SmartBuildSim

Deterministic execution

SmartBuildSim provides deterministic behaviour across all workflows via the :mod:smartbuildsim.config module. The module exposes a DeterminismConfig model together with helpers for seeding NumPy, Python’s random module and component specific pseudo random number generators.

Sources of randomness

The table below summarises where randomness occurs and how it is controlled.

Area Source Seed resolution
Data generation Latent feature synthesis, sensor specific noise, anomaly injection create_rng("data.generator.zone", explicit=config.seed, offset=zone_index)
Benchmarking (regression/anomaly) Shuffled 5-fold splits resolve_seed("evaluation.<task>.kfold", explicit=seed, offset=index)
Reinforcement learning Q-learning sampling, evaluation rollouts, soft Q-learning temperature exploration create_rng("models.rl.q_learning.train", explicit=config.seed), create_rng("models.rl.q_learning.eval", explicit=config.seed, offset=1), create_rng("evaluation.rl.soft.train", explicit=config.seed)
Model training IsolationForest randomness resolve_seed("models.anomaly.isolation_forest", explicit=config.random_state)

All helpers ultimately derive from a single DeterminismConfig instance which can be populated from configuration files or instantiated manually. CLI commands accept an optional determinism section, for example:

scenario: office-small
determinism:
  seed: 2024
  components:
    models.rl.q_learning.train: 321

When supplied, the CLI will call configure_determinism with the parsed payload before any data is generated or models are trained. In Python code the same effect can be achieved programmatically:

from smartbuildsim.config import DeterminismConfig, configure_determinism

configure_determinism(DeterminismConfig(seed=7))

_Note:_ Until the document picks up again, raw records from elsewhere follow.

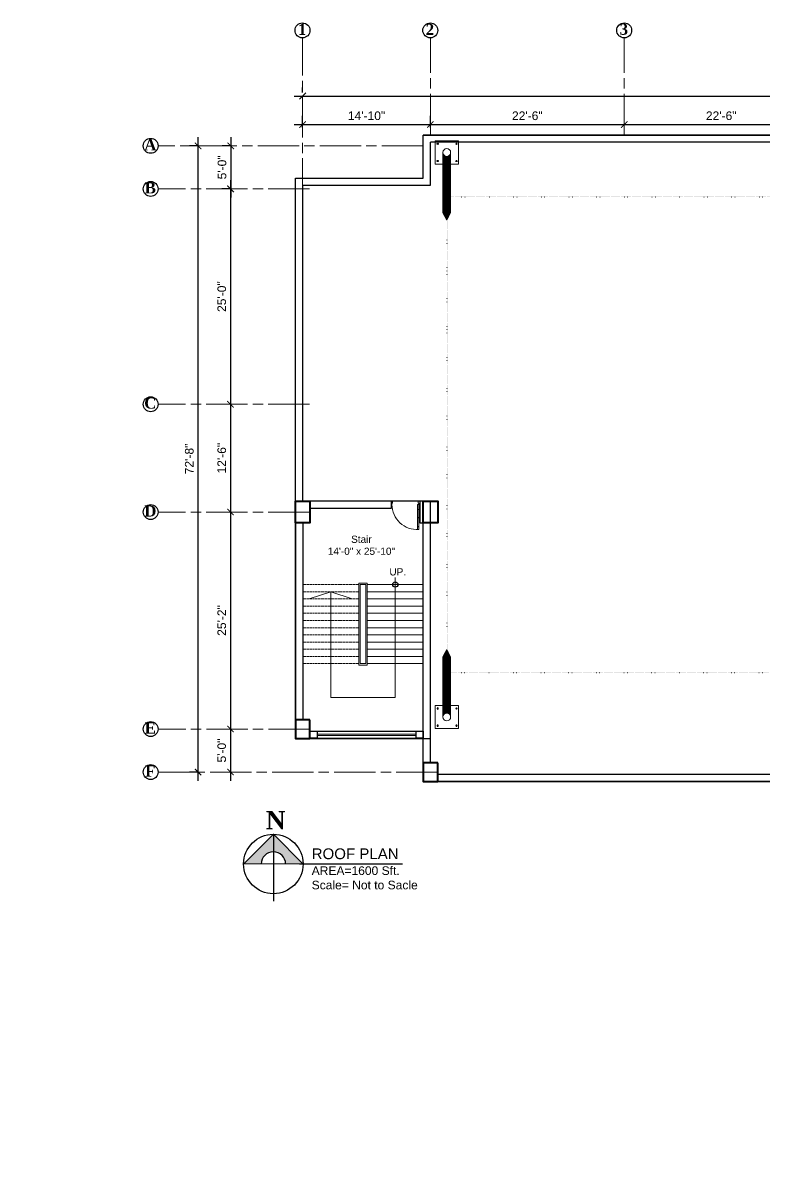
# Model space of a CAD drawing. Header units: inches. Extents: x -12 to 20935469, y -1604 to 24729220.
# Drawn here: x 20839627 to 20842453, y 24645651 to 24650026 of the extents above; entities that cross this region are included whole.
import ezdxf

# ---------------------------------------------------------------- set-up
doc = ezdxf.new("R2010")
doc.units = ezdxf.units.IN
doc.header["$LTSCALE"] = 0.03
doc.header["$MEASUREMENT"] = 0
doc.header["$PDMODE"] = 32
doc.header["$PDSIZE"] = 15
for name, pattern in [('ACAD_ISO08W100', [36, 24, -3, 6, -3]), ('DASHED2', [0.375, 0.25, -0.125]), ('DOT', [0.25, 0, -0.25])]:
    doc.linetypes.add(name, pattern=pattern)
for name, color, linetype, lineweight in [('column', 1, 'Continuous', 40), ('Dim Line', 252, 'Continuous', 13), ('Door', 7, 'Continuous', 18), ('Gas', 21, 'Continuous', 5), ('Grid Line', 252, 'Continuous', 18), ('HAS-1', 8, 'Continuous', 5), ('line', 7, 'Continuous', 9), ('Low Wall', 7, 'Continuous', 30), ('Main Wall', 7, 'Continuous', 30), ('RAIL', 23, 'Continuous', 13), ('STAIR', 46, 'Continuous', 15), ('wind.', 150, 'Continuous', 20)]:
    doc.layers.add(name, color=color, linetype=linetype, lineweight=lineweight)
for name, color, linetype in [('QP TEX', 7, 'Continuous'), ('TEXT', 7, 'Continuous'), ('w', 188, 'DOT')]:
    doc.layers.add(name, color=color, linetype=linetype)
doc.styles.add('2', font='swisscl.ttf')
doc.styles.add('RomanS', font='arial.ttf', dxfattribs={"height": 12})
doc.styles.get("Standard").update_dxf_attribs({"font": 'timesbd.ttf'})
doc.dimstyles.new('Aec_Arch_I', dxfattribs={"dimscale": 96, "dimtxt": 12, "dimasz": 0.09375, "dimexe": 0.125, "dimexo": 0.125, "dimgap": 0.0625, "dimtad": 1, "dimdec": 0, "dimzin": 3, "dimdsep": 46, "dimlunit": 4, "dimtxsty": 'RomanS', "dimblk1": 'ARCHTICK', "dimblk2": 'ARCHTICK', "dimsah": 1, "dimcen": 0.09375, "dimdle": 0.125, "dimadec": 0, "dimazin": 0, "dimtfac": 0.75, "dimtdec": 0, "dimtmove": 2, "dimatfit": 3, "dimldrblk": 'ARCHTICK', "dimfxl": 1, "dimfrac": 1, "dimtolj": 1, "dimtzin": 0, "dimarcsym": 0})
doc.dimstyles.new('arch grid', dxfattribs={"dimtxt": 250, "dimasz": 100, "dimexe": 10, "dimexo": 10, "dimgap": 0.09, "dimtad": 0, "dimdec": 0, "dimzin": 0, "dimdsep": 46, "dimtxsty": 'Standard', "dimblk": 'DOT', "dimcen": 50, "dimdle": 50, "dimclrd": 256, "dimclre": 256, "dimadec": 0, "dimazin": 0, "dimtfac": 1, "dimtdec": 0, "dimtofl": 0, "dimtmove": 0, "dimatfit": 3, "dimldrblk": 'DOT', "dimfxl": 200, "dimfxlon": 1, "dimtolj": 1, "dimtzin": 0, "dimlwd": -1, "dimlwe": -1, "dimarcsym": 1})

# ---------------------------------------------------------------- blocks, each defined once
blk = doc.blocks.new('Door_45')
at = {"layer": 'Door'}
for p, q in [((1.5, 5), (1.5, 44)), ((1.5, 40), (2.2, 40)), ((2.2, 40), (2.2, 39.5)), ((2.2, 39.5), (2.7, 39.5)), ((2.7, 39.5), (2.7, 40)), ((2.7, 40), (3.5, 40)), ((3.5, 44), (3.5, 5)), ((1.5, 25.8), (2.2, 25.8)), ((2.2, 25.8), (2.2, 25.3)), ((2.2, 25.3), (2.7, 25.3)), ((2.7, 25.8), (3.5, 25.8)), ((2.7, 25.3), (2.7, 25.8)), ((0, 0), (0, 5)), ((0, 5), (1.5, 5)), ((1.5, 12.6), (2.2, 12.6)), ((3.5, 5), (1.5, 5)), ((1.5, 5), (1.5, 3)), ((1.5, 3), (2.5, 3)), ((2.2, 12.6), (2.2, 13.1)), ((2.2, 13.1), (2.7, 13.1)), ((2.5, 3), (2.5, 0)), ((2.7, 13.1), (2.7, 12.6)), ((2.7, 12.6), (3.5, 12.6)), ((42.5, 3), (42.5, 0)), ((43.5, 3), (42.5, 3)), ((45, 5), (43.5, 5)), ((43.5, 5), (43.5, 3)), ((45, 0), (45, 5)), ((2.5, 0), (0, 0)), ((42.5, 0), (45, 0))]:
    blk.add_line(p, q, dxfattribs=at)
blk.add_arc((4.7, 5.3), 38.8, 359.6233, 94.6685, dxfattribs=at)
blk = doc.blocks.new('FGTGRFG')
at = {"ltscale": 50}
for p, q in [((5098305, 4836108), (5098211, 4835930)), ((5098211, 4834468), (5098211, 4835930)), ((5098305, 4836108), (5098399, 4835930)), ((5098399, 4834468), (5098399, 4835930))]:
    blk.add_line(p, q, dxfattribs=at)
blk.add_lwpolyline([(5098019, 4834750), (5098591, 4834750), (5098591, 4834186), (5098019, 4834186)], close=True, dxfattribs=at)
blk.add_circle((5098305, 4834468), 94.1, dxfattribs=at)
at = {"layer": 'HAS-1', "lineweight": 5, "ltscale": 50}
for p, q in [((5098228, 4834522), (5098228, 4835962)), ((5098245, 4834540), (5098245, 4835995)), ((5098261, 4834551), (5098261, 4836024)), ((5098275, 4834557), (5098275, 4836052)), ((5098285, 4834560), (5098285, 4836070)), ((5098295, 4834562), (5098295, 4836089)), ((5098305, 4834562), (5098305, 4836108)), ((5098315, 4834562), (5098315, 4836089)), ((5098325, 4834560), (5098325, 4836070)), ((5098335, 4834557), (5098335, 4836052)), ((5098349, 4834551), (5098349, 4836024)), ((5098365, 4834540), (5098365, 4835995)), ((5098382, 4834522), (5098382, 4835962))]:
    blk.add_line(p, q, dxfattribs=at)
blk = doc.blocks.new('ant')
at = {"layer": 'QP TEX'}
for p, q in [((20822761.1, 24641601.9), (20822761.1, 24641589.8)), ((20822761.1, 24641589.8), (20822761.1, 24641572.6))]:
    blk.add_line(p, q, dxfattribs=at)
for centre in [(20822747.8, 24641676.4), (20822774, 24641676.4), (20822747.8, 24641652.5), (20822774, 24641652.5)]:
    blk.add_circle(centre, 0.788, dxfattribs=at)
at = {"layer": 'line', "color": 0, "lineweight": 25, "xscale": 0.05729855837390801, "yscale": 0.05729855837390801, "zscale": 0.05729855837390801, "rotation": 180}
blk.add_blockref('FGTGRFG', (21114886, 24918672.4), dxfattribs=at)
blk = doc.blocks.new('_ArchTick')
at = {"color": 0, "linetype": 'ByBlock', "lineweight": 35, "const_width": 0.15}
blk.add_lwpolyline([(-0.5, -0.5), (0.5, 0.5)], dxfattribs=at)
blk = doc.blocks.new('*D336')
at = {"layer": 'Defpoints', "color": 0, "transparency": 16777216}
for p in [(20820322.2, 24639400.9), (20820144.3, 24639385), (20820322.2, 24639385)]:
    blk.add_point(p, dxfattribs=at)
at = {"layer": 'Dim Line', "color": 0, "lineweight": -2, "transparency": 16777216}
for p, q in [((20820144.3, 24639397), (20820144.3, 24639412.9)), ((20820322.2, 24639397), (20820322.2, 24639412.9)), ((20820132.3, 24639400.9), (20820334.2, 24639400.9))]:
    blk.add_line(p, q, dxfattribs=at)
at = {"layer": 'Dim Line', "color": 0, "lineweight": -2, "transparency": 16777216, "xscale": 9, "yscale": 9, "zscale": 9, "rotation": 180}
blk.add_blockref('_ArchTick', (20820144.3, 24639400.9), dxfattribs=at)
at = {"layer": 'Dim Line', "color": 0, "lineweight": -2, "transparency": 16777216, "xscale": 9, "yscale": 9, "zscale": 9}
blk.add_blockref('_ArchTick', (20820322.2, 24639400.9), dxfattribs=at)
at = {"layer": 'Dim Line', "color": 0, "transparency": 16777216, "insert": (20820233.3, 24639413.1), "char_height": 12, "attachment_point": 5, "style": 'RomanS'}
blk.add_mtext('\\A1;14\'-10"', dxfattribs=at)
blk = doc.blocks.new('*D337')
at = {"layer": 'Defpoints', "color": 0, "transparency": 16777216}
for p in [(20820592.2, 24639400.9), (20820592.2, 24639400.9), (20820322.2, 24639385)]:
    blk.add_point(p, dxfattribs=at)
at = {"layer": 'Dim Line', "color": 0, "lineweight": -2, "transparency": 16777216}
for p, q in [((20820322.2, 24639397), (20820322.2, 24639412.9)), ((20820310.2, 24639400.9), (20820604.2, 24639400.9))]:
    blk.add_line(p, q, dxfattribs=at)
at = {"layer": 'Dim Line', "color": 0, "lineweight": -2, "transparency": 16777216, "xscale": 9, "yscale": 9, "zscale": 9, "rotation": 180}
blk.add_blockref('_ArchTick', (20820322.2, 24639400.9), dxfattribs=at)
at = {"layer": 'Dim Line', "color": 0, "lineweight": -2, "transparency": 16777216, "xscale": 9, "yscale": 9, "zscale": 9}
blk.add_blockref('_ArchTick', (20820592.2, 24639400.9), dxfattribs=at)
at = {"layer": 'Dim Line', "color": 0, "transparency": 16777216, "insert": (20820457.2, 24639413.1), "char_height": 12, "attachment_point": 5, "style": 'RomanS'}
blk.add_mtext('\\A1;22\'-6"', dxfattribs=at)
blk = doc.blocks.new('*D338')
at = {"layer": 'Defpoints', "color": 0, "transparency": 16777216}
for p in [(20820592.2, 24639400.9), (20820862.2, 24639400.9), (20820862.2, 24639400.9)]:
    blk.add_point(p, dxfattribs=at)
at = {"layer": 'Dim Line', "color": 0, "lineweight": -2, "transparency": 16777216}
blk.add_line((20820580.2, 24639400.9), (20820874.2, 24639400.9), dxfattribs=at)
at = {"layer": 'Dim Line', "color": 0, "lineweight": -2, "transparency": 16777216, "xscale": 9, "yscale": 9, "zscale": 9, "rotation": 180}
blk.add_blockref('_ArchTick', (20820592.2, 24639400.9), dxfattribs=at)
at = {"layer": 'Dim Line', "color": 0, "lineweight": -2, "transparency": 16777216, "xscale": 9, "yscale": 9, "zscale": 9}
blk.add_blockref('_ArchTick', (20820862.2, 24639400.9), dxfattribs=at)
at = {"layer": 'Dim Line', "color": 0, "transparency": 16777216, "insert": (20820727.2, 24639413.1), "char_height": 12, "attachment_point": 5, "style": 'RomanS'}
blk.add_mtext('\\A1;22\'-6"', dxfattribs=at)
blk = doc.blocks.new('*D329')
at = {"layer": 'Defpoints', "color": 0, "transparency": 16777216}
for p in [(20820144.3, 24639433.5), (20822147.7, 24639440.6), (20822147.7, 24639433.5)]:
    blk.add_point(p, dxfattribs=at)
at = {"layer": 'Dim Line', "color": 0, "lineweight": -2, "transparency": 16777216}
for p, q in [((20820144.3, 24639445.5), (20820144.3, 24639452.6)), ((20822147.7, 24639445.5), (20822147.7, 24639452.6)), ((20820132.3, 24639440.6), (20822159.7, 24639440.6))]:
    blk.add_line(p, q, dxfattribs=at)
at = {"layer": 'Dim Line', "color": 0, "lineweight": -2, "transparency": 16777216, "xscale": 9, "yscale": 9, "zscale": 9, "rotation": 180}
blk.add_blockref('_ArchTick', (20820144.3, 24639440.6), dxfattribs=at)
at = {"layer": 'Dim Line', "color": 0, "lineweight": -2, "transparency": 16777216, "xscale": 9, "yscale": 9, "zscale": 9}
blk.add_blockref('_ArchTick', (20822147.7, 24639440.6), dxfattribs=at)
at = {"layer": 'Dim Line', "color": 0, "transparency": 16777216, "insert": (20821146, 24639452.7), "char_height": 12, "attachment_point": 5, "style": 'RomanS'}
blk.add_mtext('\\A1;166\'-11"', dxfattribs=at)
blk = doc.blocks.new('*D330')
at = {"layer": 'Defpoints', "color": 0, "transparency": 16777216}
for p in [(20820055.1, 24639371.3), (20820044.2, 24639311.3), (20820055.1, 24639311.3)]:
    blk.add_point(p, dxfattribs=at)
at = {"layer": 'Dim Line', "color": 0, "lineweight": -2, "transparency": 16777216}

Specific generators can then be requested using create_rng or raw integer seeds can be obtained via resolve_seed.

Limitations

Reproducibility shortcut

The repository ships with a reproduce.sh script. It re-runs the default CLI data pipeline twice and checks that both outputs match byte-for-byte. This offers a quick regression test for determinism in continuous integration or local development environments.